You can't copy full software installs like that, but it's not the fault of the
registry. Installing typical software means affecting dozens of system
settings all in different places. You can't easily copy linux software along
with every setting it affects either. You're best off either reinstalling or
copying the entire drive, both of which work on Windows.

------
SmellTheGlove
Nice build, but I'm a little surprised to see it get this much traction at HN.
The hackintosh subreddit has builds like these for days.

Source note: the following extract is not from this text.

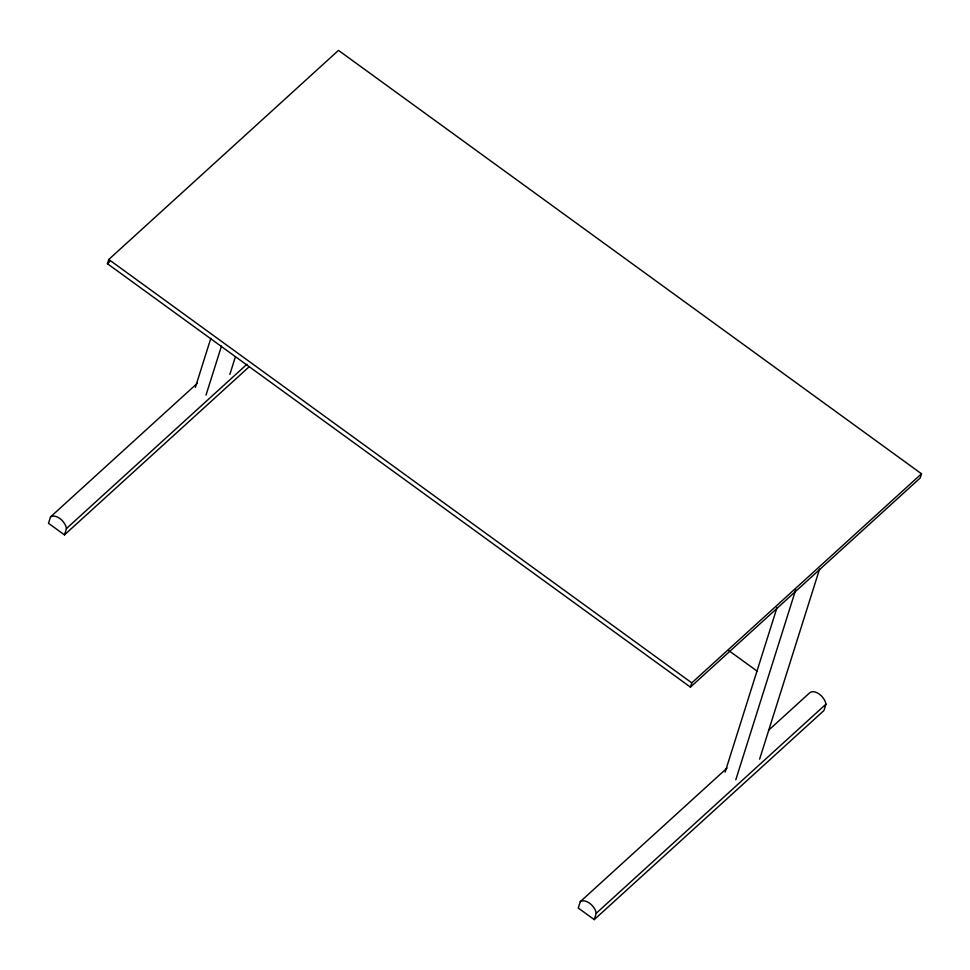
<?xml version="1.0" encoding="UTF-8"?>
<svg xmlns="http://www.w3.org/2000/svg" width="970" height="970" viewBox="0 0 970 970"><rect width="100%" height="100%" fill="white"/><g stroke="black" fill="none" stroke-linecap="round" stroke-linejoin="round"><path stroke-width="1.45" d="M107.44 263.719L108.773 259.475L338.481 50.379L921.5 473.784L920.166 478.028L690.446 687.124L107.44 263.719L109.683 261.682M197.298 383.296L50.501 516.925L48.5 523.279L64.469 534.882L249.363 366.587M64.469 534.882L66.481 528.517L246.889 364.296M195.37 387.357L210.805 338.397M206.016 395.093L221.463 346.12M229.854 374.42L235.298 357.142M727.063 768.046L580.278 901.663L578.265 908.029L594.246 919.621L823.954 710.525L825.955 704.159A11.082 6.608 47.7 0 0 819.31 694.12A11.082 6.608 47.7 0 0 809.986 692.556L768.531 730.301M594.246 919.621L596.247 913.267L825.955 704.159M690.446 687.124L691.792 682.88L921.5 473.784M725.136 772.096L777.031 607.511M735.793 779.831L795.727 589.736M759.619 759.158L819.565 569.063M728.834 650.603L757 671.046M108.773 259.475L691.792 682.88M580.278 901.663A11.082 6.608 47.7 0 1 589.602 903.215A11.082 6.608 47.7 0 1 596.247 913.267M50.501 516.925A11.082 6.608 47.7 0 1 59.825 518.477A11.082 6.608 47.7 0 1 66.481 528.517"/></g></svg>

Mine is a dual boot setup on an i7-6700k on Z170, 64GB RAM, and a very old and
well-supported Radeon 5770 GPU. I will admit mine sits mostly in Windows with
a number of Linux VMs running for development, which is why I maxed out the
RAM.

Previous build was an LGA775 build. More specifically, an LGA771 hack. Again,
ancient Gigabyte P35DS3L motherboard, 6GB RAM, and a modified Xeon X5470. It
was extremely stable. I may bring it back, but I used the SSDs and PSU in my
new build.

------
hd4
Not a troll attempt, but I want to know why people use Hackintosh over, say,
Ubuntu or Fedora?

What can you do with Hackintosh that you still can't with a Linux distro?

Edit: Possibly a bit late to ask, but I should have asked if you had ever
seriously tried Linux and if so what your experiences were like?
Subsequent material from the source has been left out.